Important recent development with respect to the use of tracking cookies for analytics and marketing purposes on websites, further to a judgment of the European Court of Justice (ECJ) in the “Planet49” case on 1 October 2019 (case C-673/17).
Admissible practice prior to the ECJ “Planet49” judgment
Cookies are small text files that are placed on users’ devices to collect information for various purposes, such as to remember a user’s preference, to tailor shown ads and to enable website operators to analyse traffic)
Directive 2002/58/EC, as implemented in national laws of the EU Member States, governs the use of cookies and was due to be replaced by a new ePrivacy Regulation alongside the introduction of the GDPR on 25 May 2018 (ePrivacy Directive). Under the ePrivacy Directive, the placement of cookies can only be based on consent, with the notable exception of “strictly necessary” cookies.
However, no consent pursuant to the requirements of the GDPR (which must be freely given, specific, informed and unambiguous, and must result from a clear affirmative action by the user to be valid) was obtained, as consent was inferred from the silence or the implied conduct of the user (such as the further use of the website), as long as the user was informed about the use of cookies through the use of a cookie banner and a reference to a data protection notice.
Cookies were thus often installed at the time of first access to a website. Such cookies would then immediately start collecting personal data and other information.
Typical cookie banners would read “By pursuing your navigation on the website or closing this message, you agree to our use cookies in accordance with our privacy policy” or “If you continue using our website, we will assume that you are happy to receive all cookies on this website in accordance with our cookies policy”.
Why was such practice largely considered permissible?
Prior to the introduction of the GDPR, it was widely accepted that consent could be obtained through the use of a cookie banner, simply referring users to a cookie or privacy policy and informing users that continuing to use the website implies their consent to the setting of cookies.
Post GDPR, the legal situation in relation to cookies became somewhat unclear because of the fact that the ePrivacy Directive was not replaced yet.
Despite this potential uncertainty, the above practice was still considered acceptable post GDPR by a large number of EU data protection authorities. Indeed, the consent under the ePrivacy Directive was considered different and more easy to obtain than consent under the GDPR, as the implementation of the ePrivacy Directive in the various EU member states does not refer to GDPR-standard consent.
Dissenting views
The European Data Protection Board (EDPB) issued a written opinion in March 2019 addressing the interplay between the ePrivacy Directive and the GDPR. Although not specifically addressed in the EDPB’s opinion, some suggested that the EDPB’s opinion was to be interpreted as meaning that all references to “consent” in the ePrivacy Directive means consent as defined by the GDPR.

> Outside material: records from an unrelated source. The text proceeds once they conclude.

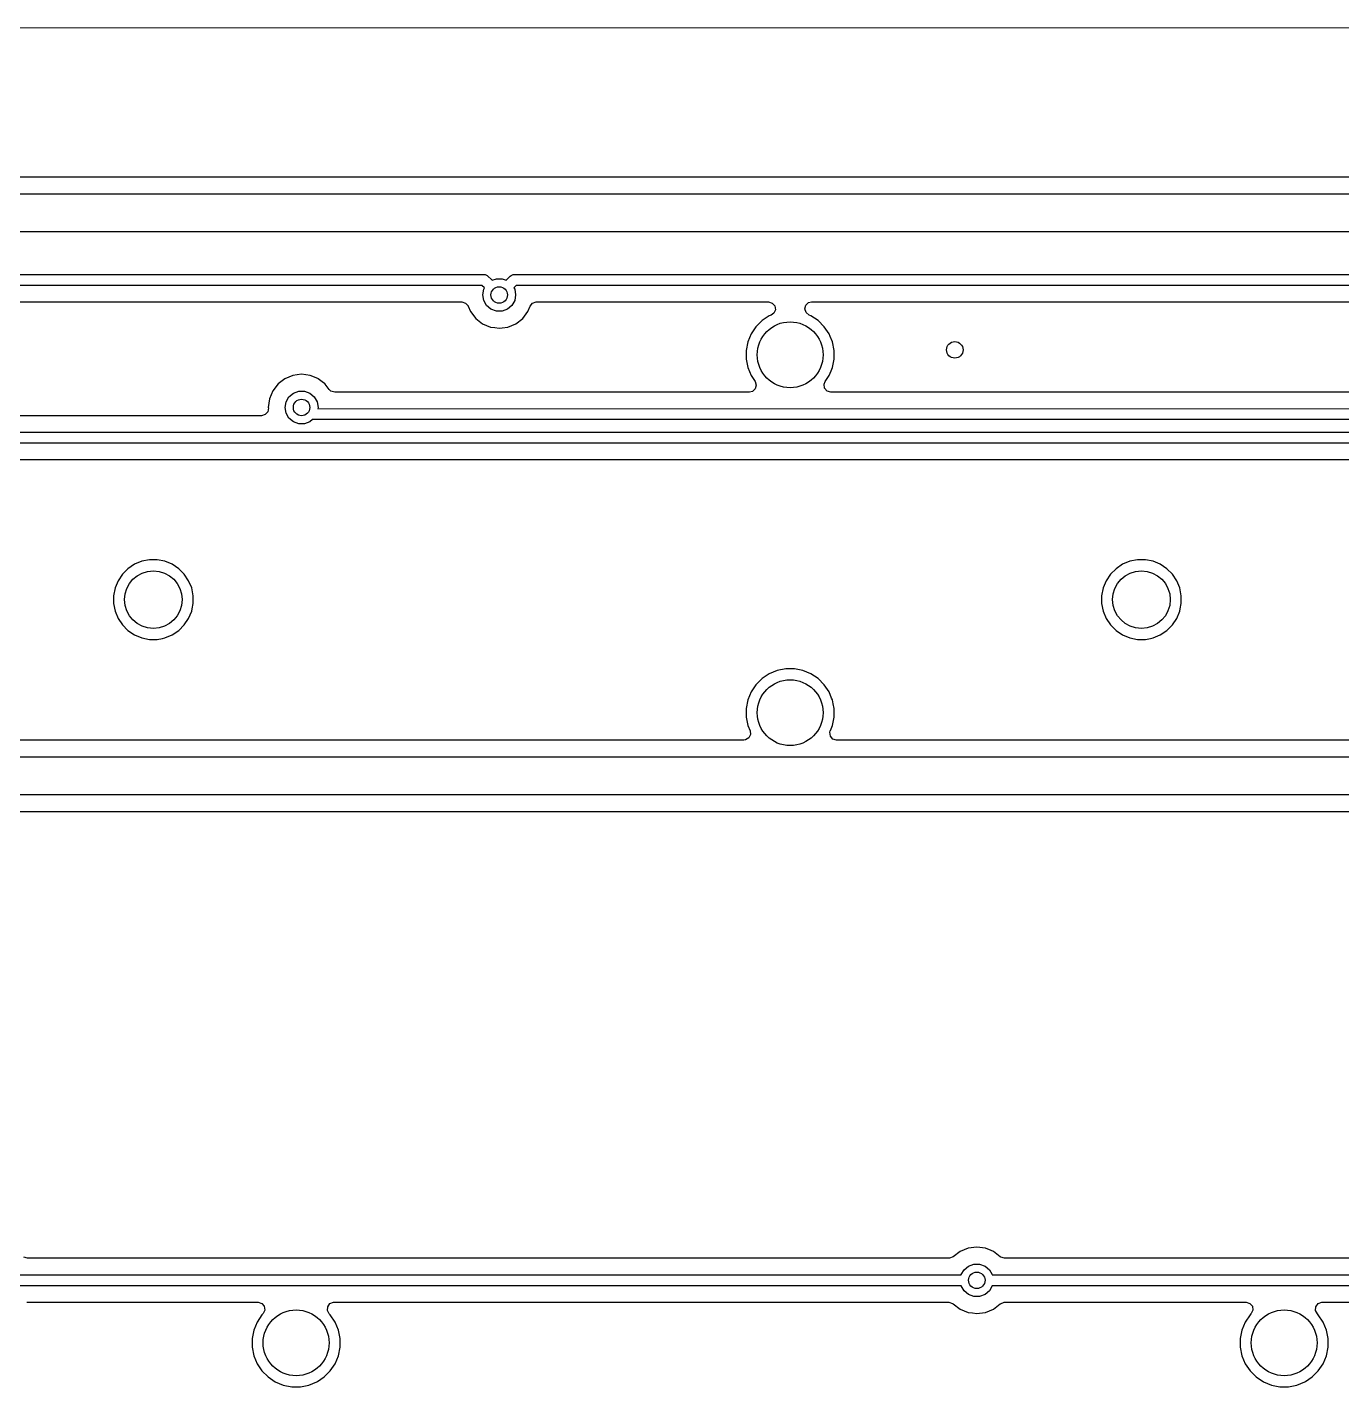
# Model space of a CAD drawing. Extents: x 0.7 to 11, y -6.1 to -1.6.
# Drawn here: x 5.343 to 6.285, y -2.588 to -1.613 of the extents above; entities that cross this region are included whole.
import ezdxf

# ---------------------------------------------------------------- set-up
doc = ezdxf.new("R2010")
doc.units = 0
doc.header["$MEASUREMENT"] = 0
doc.layers.add('BLACK', color=7, linetype='CONTINUOUS')

msp = doc.modelspace()

# ---------------------------------------------------------------- linework, layer by layer
at = {"layer": 'BLACK', "linetype": 'CONTINUOUS'}
for p, q in [((2.51097, -1.61308), (8.09451, -1.61366)), ((10.15422, -1.72057), (4.98752, -1.72057)), ((4.98824, -1.73252), (10.15169, -1.7324)), ((10.14588, -1.75984), (4.99563, -1.75996)), ((4.97014, -1.79051), (5.67035, -1.79043)), ((5.67035, -1.79043), (5.67112, -1.79051)), ((5.67112, -1.79051), (5.67254, -1.7911)), ((5.67254, -1.7911), (5.67606, -1.79458)), ((5.67606, -1.79458), (5.67905, -1.79349)), ((5.67905, -1.79349), (5.68315, -1.79349)), ((5.68315, -1.79349), (5.68612, -1.79456)), ((5.68612, -1.79456), (5.68907, -1.79159)), ((5.68907, -1.79159), (5.68966, -1.7911)), ((5.68966, -1.7911), (5.69108, -1.79051)), ((5.69108, -1.79051), (6.37508, -1.79043)), ((5.66866, -1.79823), (4.9804, -1.79831)), ((5.67056, -1.80012), (5.66866, -1.79823)), ((5.66929, -1.80512), (5.67, -1.80108)), ((5.67, -1.80108), (5.67056, -1.80012)), ((5.69339, -1.79831), (5.69163, -1.80009)), ((5.69163, -1.80009), (5.6922, -1.80108)), ((5.6922, -1.80108), (5.69291, -1.80512)), ((6.37338, -1.79823), (5.69339, -1.79831)), ((5.19652, -1.81014), (5.65433, -1.81014)), ((5.65433, -1.81014), (5.65697, -1.81091)), ((5.65697, -1.81091), (5.65877, -1.81299)), ((5.65877, -1.81299), (5.65884, -1.81315)), ((5.65884, -1.81315), (5.66045, -1.81704)), ((5.67, -1.80916), (5.66929, -1.80512)), ((5.67205, -1.81271), (5.67, -1.80916)), ((5.6752, -1.81535), (5.67205, -1.81271)), ((5.69015, -1.81271), (5.68701, -1.81535)), ((5.6922, -1.80916), (5.69015, -1.81271)), ((5.69291, -1.80512), (5.6922, -1.80916)), ((5.70175, -1.81704), (5.70336, -1.81315)), ((5.70336, -1.81315), (5.70509, -1.81101)), ((5.70509, -1.81101), (5.7077, -1.81014)), ((5.7077, -1.81014), (5.70787, -1.81014)), ((5.70787, -1.81014), (5.87435, -1.81014)), ((5.87435, -1.81014), (5.87699, -1.81091)), ((5.87699, -1.81091), (5.87879, -1.81299)), ((5.87879, -1.81299), (5.87918, -1.81571)), ((5.9003, -1.81519), (5.90098, -1.81253)), ((5.90098, -1.81253), (5.90299, -1.81065)), ((5.90299, -1.81065), (5.90518, -1.81014)), ((5.90518, -1.81014), (6.35905, -1.81014)), ((5.66045, -1.81704), (5.66045, -1.81704)), ((5.66045, -1.81704), (5.66045, -1.81704)), ((5.66045, -1.81704), (5.66424, -1.82198)), ((5.66424, -1.82198), (5.66918, -1.82577)), ((5.67905, -1.81675), (5.6752, -1.81535)), ((5.68315, -1.81675), (5.67905, -1.81675)), ((5.68701, -1.81535), (5.68315, -1.81675)), ((5.69303, -1.82577), (5.69796, -1.82198)), ((5.69796, -1.82198), (5.70175, -1.81704)), ((5.87484, -1.8201), (5.86967, -1.82355)), ((5.87622, -1.81953), (5.87484, -1.8201)), ((5.87484, -1.8201), (5.87484, -1.8201)), ((5.87804, -1.81822), (5.87622, -1.81953)), ((5.87918, -1.81571), (5.87804, -1.81822)), ((5.90117, -1.8178), (5.9003, -1.81519)), ((5.90331, -1.81953), (5.90117, -1.8178)), ((5.90469, -1.8201), (5.90331, -1.81953)), ((5.90985, -1.82355), (5.90469, -1.8201)), ((5.90469, -1.8201), (5.90469, -1.8201)), ((5.66918, -1.82577), (5.67493, -1.82815)), ((5.67493, -1.82815), (5.67802, -1.82856)), ((5.67802, -1.82856), (5.6811, -1.82896)), ((5.6811, -1.82896), (5.68316, -1.82869)), ((5.6811, -1.82896), (5.6811, -1.82896)), ((5.6811, -1.82896), (5.6811, -1.82896)), ((5.68316, -1.82869), (5.68727, -1.82815)), ((5.68727, -1.82815), (5.69303, -1.82577)), ((5.86183, -1.8331), (5.85946, -1.83884)), ((5.86184, -1.8331), (5.86183, -1.8331)), ((5.86528, -1.82794), (5.86184, -1.8331)), ((5.86967, -1.82355), (5.86528, -1.82794)), ((5.86528, -1.82794), (5.86528, -1.82794)), ((5.86967, -1.82355), (5.86967, -1.82355)), ((5.91424, -1.82794), (5.90985, -1.82355)), ((5.90985, -1.82355), (5.90985, -1.82355)), ((5.91769, -1.8331), (5.91424, -1.82794)), ((5.91424, -1.82794), (5.91424, -1.82794)), ((5.91845, -1.83493), (5.91769, -1.8331)), ((5.91769, -1.8331), (5.91769, -1.8331)), ((5.85946, -1.83884), (5.85825, -1.84493)), ((5.85946, -1.83884), (5.85946, -1.83884)), ((5.92007, -1.83884), (5.91845, -1.83493)), ((5.92128, -1.84491), (5.92007, -1.83884)), ((5.85825, -1.84493), (5.85825, -1.85114)), ((5.85825, -1.85114), (5.85946, -1.85722)), ((5.92007, -1.85722), (5.92128, -1.85114)), ((5.92128, -1.84493), (5.92128, -1.84491)), ((5.92128, -1.85114), (5.92128, -1.84493)), ((5.92128, -1.84493), (5.92128, -1.84493)), ((5.92128, -1.84493), (5.92128, -1.84493)), ((5.53937, -1.86198), (5.5332, -1.86279)), ((5.54554, -1.86279), (5.53937, -1.86198)), ((5.53937, -1.86198), (5.53937, -1.86198)), ((5.85946, -1.85722), (5.85946, -1.85722)), ((5.85946, -1.85722), (5.86183, -1.86296)), ((5.91773, -1.86287), (5.91914, -1.85946)), ((5.91914, -1.85946), (5.92007, -1.85722)), ((5.52251, -1.86897), (5.51872, -1.8739)), ((5.52745, -1.86518), (5.52251, -1.86897)), ((5.5332, -1.86279), (5.52745, -1.86518)), ((5.5332, -1.86279), (5.5332, -1.86279)), ((5.55094, -1.86503), (5.54554, -1.86279)), ((5.54554, -1.86279), (5.54554, -1.86279)), ((5.55129, -1.86518), (5.55094, -1.86503)), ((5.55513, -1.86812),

In their guidance notes issued in July 2019, the French and UK data protection authorities (the CNIL and ICO) clearly stated (i) that it is the GDPR standard of consent that must be obtained before placing cookies on users’ devices and
(ii) that users must take a clear and positive action to give their consent to cookies (and continuing to use a website does not constitute such as valid consent).
It is worth noting that, on certain aspects, such guidance documents go further than the current draft of the new ePrivacy Regulation (dd. 4 October 2019) which is due to replace the existing ePrivacy Directive (e.g. the current draft permits operators to place first or third party cookies on users’ devices without consent for “audience measuring”, i.e. to analyse traffic passing through their websites for the purpose of optimising the service).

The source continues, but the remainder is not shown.